[Dataset excerpts]
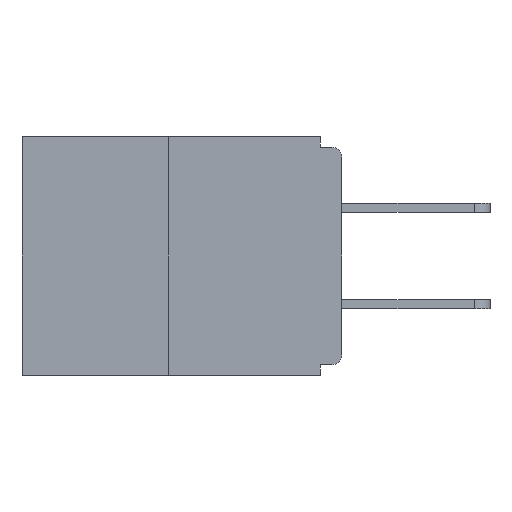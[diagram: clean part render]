
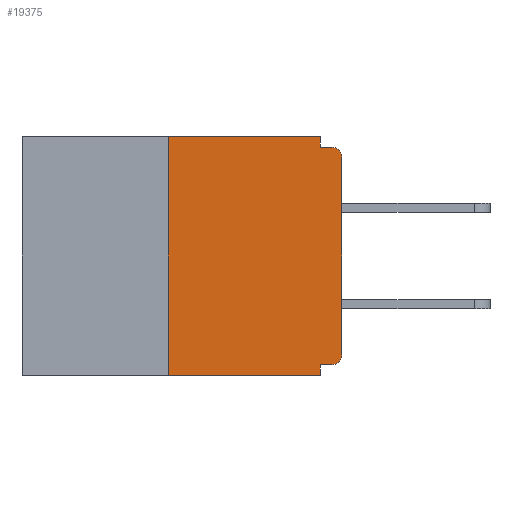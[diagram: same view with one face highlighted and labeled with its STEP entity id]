
A CAD part, left-side view. The second image highlights one B-rep face of the part: STEP entity #19375.
In plain terms, the highlighted planar face has unit normal (-1, 0, 0).
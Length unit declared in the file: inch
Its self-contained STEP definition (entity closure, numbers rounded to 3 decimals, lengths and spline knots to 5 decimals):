
#73 = CARTESIAN_POINT ( 'NONE',  ( 0., 0., 0. ) ) ;
#239 = DIRECTION ( 'NONE',  ( 0., 0., -1. ) ) ;
#394 = DIRECTION ( 'NONE',  ( 0., 0., 1. ) ) ;
#1588 = CARTESIAN_POINT ( 'NONE',  ( 0., 0., -0.313 ) ) ;
#1693 = ORIENTED_EDGE ( 'NONE', *, *, #21767, .T. ) ;
#1971 = EDGE_CURVE ( 'NONE', #26724, #19283, #22375, .T. ) ;
#2413 = EDGE_CURVE ( 'NONE', #19217, #15219, #22702, .T. ) ;
#2439 = VECTOR ( 'NONE', #3914, 39.37008 ) ;
#2797 = EDGE_CURVE ( 'NONE', #19283, #4896, #14676, .T. ) ;
#3245 = EDGE_CURVE ( 'NONE', #17108, #26042, #10018, .T. ) ;
#3465 = EDGE_CURVE ( 'NONE', #25956, #26042, #11386, .T. ) ;
#3490 = EDGE_LOOP ( 'NONE', ( #12877, #13103, #22521, #14179, #18137, #1693, #7836, #3979, #24779, #24620 ) ) ;
#3702 = VECTOR ( 'NONE', #6942, 39.37008 ) ;
#3914 = DIRECTION ( 'NONE',  ( 0., -1., 0. ) ) ;
#3979 = ORIENTED_EDGE ( 'NONE', *, *, #2413, .T. ) ;
#4705 = DIRECTION ( 'NONE',  ( 0., 0., 1. ) ) ;
#4896 = VERTEX_POINT ( 'NONE', #6602 ) ;
#5174 = DIRECTION ( 'NONE',  ( 1., 0., 0. ) ) ;
#5435 = CARTESIAN_POINT ( 'NONE',  ( 0., 0.46, 0. ) ) ;
#5694 = VECTOR ( 'NONE', #6250, 39.37008 ) ;
#6250 = DIRECTION ( 'NONE',  ( 0., -1., 0. ) ) ;
#6307 = VERTEX_POINT ( 'NONE', #1588 ) ;
#6528 = LINE ( 'NONE', #18186, #14821 ) ;
#6602 = CARTESIAN_POINT ( 'NONE',  ( 0., 0.031, -0.015 ) ) ;
#6614 = DIRECTION ( 'NONE',  ( 0., 0., -1. ) ) ;
#6622 = DIRECTION ( 'NONE',  ( -1., 0., 0. ) ) ;
#6942 = DIRECTION ( 'NONE',  ( 0., 0., -1. ) ) ;
#7133 = CARTESIAN_POINT ( 'NONE',  ( 0., 0., -0.03 ) ) ;
#7665 = PLANE ( 'NONE',  #9910 ) ;
#7836 = ORIENTED_EDGE ( 'NONE', *, *, #26416, .T. ) ;
#8302 = CARTESIAN_POINT ( 'NONE',  ( 0., 0.46, -0.343 ) ) ;
#8358 = VECTOR ( 'NONE', #18602, 39.37008 ) ;
#8847 = CARTESIAN_POINT ( 'NONE',  ( 0., 0.031, -0.343 ) ) ;
#9075 = CARTESIAN_POINT ( 'NONE',  ( 0., 0.031, 0. ) ) ;
#9522 = DIRECTION ( 'NONE',  ( 0., 0., -1. ) ) ;
#9910 = AXIS2_PLACEMENT_3D ( 'NONE', #5435, #5174, #9522 ) ;
#10018 = LINE ( 'NONE', #8847, #25685 ) ;
#10031 = CARTESIAN_POINT ( 'NONE',  ( 0., 0.015, -0.03 ) ) ;
#10938 = VECTOR ( 'NONE', #4705, 39.37008 ) ;
#11257 = LINE ( 'NONE', #73, #10938 ) ;
#11386 = LINE ( 'NONE', #8302, #5694 ) ;
#12373 = DIRECTION ( 'NONE',  ( -1., 0., 0. ) ) ;
#12655 = FACE_OUTER_BOUND ( 'NONE', #3490, .T. ) ;
#12877 = ORIENTED_EDGE ( 'NONE', *, *, #1971, .F. ) ;
#12995 = CARTESIAN_POINT ( 'NONE',  ( 0., 0.25, -0.343 ) ) ;
#13103 = ORIENTED_EDGE ( 'NONE', *, *, #14701, .F. ) ;
#14179 = ORIENTED_EDGE ( 'NONE', *, *, #3245, .F. ) ;
#14340 = VECTOR ( 'NONE', #394, 39.37008 ) ;
#14676 = LINE ( 'NONE', #9075, #3702 ) ;
#14701 = EDGE_CURVE ( 'NONE', #25956, #26724, #17329, .T. ) ;
#14821 = VECTOR ( 'NONE', #26576, 39.37008 ) ;
#15219 = VERTEX_POINT ( 'NONE', #16292 ) ;
#15738 = CARTESIAN_POINT ( 'NONE',  ( 0., 0.015, -0.328 ) ) ;
#16292 = CARTESIAN_POINT ( 'NONE',  ( 0., 0.015, -0.015 ) ) ;
#16566 = CARTESIAN_POINT ( 'NONE',  ( 0., 0.25, 0. ) ) ;
#16896 = CARTESIAN_POINT ( 'NONE',  ( 0., 0.46, 0. ) ) ;
#17108 = VERTEX_POINT ( 'NONE', #21380 ) ;
#17329 = LINE ( 'NONE', #23512, #14340 ) ;
#17589 = CARTESIAN_POINT ( 'NONE',  ( 0., 0.031, 0. ) ) ;
#17759 = AXIS2_PLACEMENT_3D ( 'NONE', #10031, #12373, #24923 ) ;
#18137 = ORIENTED_EDGE ( 'NONE', *, *, #27280, .F. ) ;
#18186 = CARTESIAN_POINT ( 'NONE',  ( 0., 0., -0.328 ) ) ;
#18602 = DIRECTION ( 'NONE',  ( 0., -1., 0. ) ) ;
#18752 = CIRCLE ( 'NONE', #19010, 0.015 ) ;
#19010 = AXIS2_PLACEMENT_3D ( 'NONE', #21694, #6622, #239 ) ;
#19217 = VERTEX_POINT ( 'NONE', #7133 ) ;
#19283 = VERTEX_POINT ( 'NONE', #17589 ) ;
#19375 = ADVANCED_FACE ( 'NONE', ( #12655 ), #7665, .F. ) ;
#19427 = CARTESIAN_POINT ( 'NONE',  ( 0., 0.031, -0.343 ) ) ;
#21380 = CARTESIAN_POINT ( 'NONE',  ( 0., 0.031, -0.328 ) ) ;
#21694 = CARTESIAN_POINT ( 'NONE',  ( 0., 0.015, -0.313 ) ) ;
#21767 = EDGE_CURVE ( 'NONE', #23982, #6307, #18752, .T. ) ;
#22333 = LINE ( 'NONE', #27170, #8358 ) ;
#22375 = LINE ( 'NONE', #16896, #2439 ) ;
#22521 = ORIENTED_EDGE ( 'NONE', *, *, #3465, .T. ) ;
#22702 = CIRCLE ( 'NONE', #17759, 0.015 ) ;
#23512 = CARTESIAN_POINT ( 'NONE',  ( 0., 0.25, 0. ) ) ;
#23982 = VERTEX_POINT ( 'NONE', #15738 ) ;
#24221 = EDGE_CURVE ( 'NONE', #4896, #15219, #22333, .T. ) ;
#24620 = ORIENTED_EDGE ( 'NONE', *, *, #2797, .F. ) ;
#24779 = ORIENTED_EDGE ( 'NONE', *, *, #24221, .F. ) ;
#24923 = DIRECTION ( 'NONE',  ( 0., 0., -1. ) ) ;
#25685 = VECTOR ( 'NONE', #6614, 39.37008 ) ;
#25956 = VERTEX_POINT ( 'NONE', #12995 ) ;
#26042 = VERTEX_POINT ( 'NONE', #19427 ) ;
#26416 = EDGE_CURVE ( 'NONE', #6307, #19217, #11257, .T. ) ;
#26576 = DIRECTION ( 'NONE',  ( 0., 1., 0. ) ) ;
#26724 = VERTEX_POINT ( 'NONE', #16566 ) ;
#27170 = CARTESIAN_POINT ( 'NONE',  ( 0., 0., -0.015 ) ) ;
#27280 = EDGE_CURVE ( 'NONE', #23982, #17108, #6528, .T. ) ;

→ **PROBLEM DETAILS**
Please reproduce the entries above exactly, from their first line to the line holding "In plain terms, the" inclusive, and nothing else; the pictures stay out.

→ **RESULT BELOW**
[diagram: clean part render]
[diagram: same view with one face highlighted and labeled with its STEP entity id]
A CAD part, left-side view. The second image highlights one B-rep face of the part: STEP entity #19375.
In plain terms, the highlighted planar face has unit normal (-1, 0, 0).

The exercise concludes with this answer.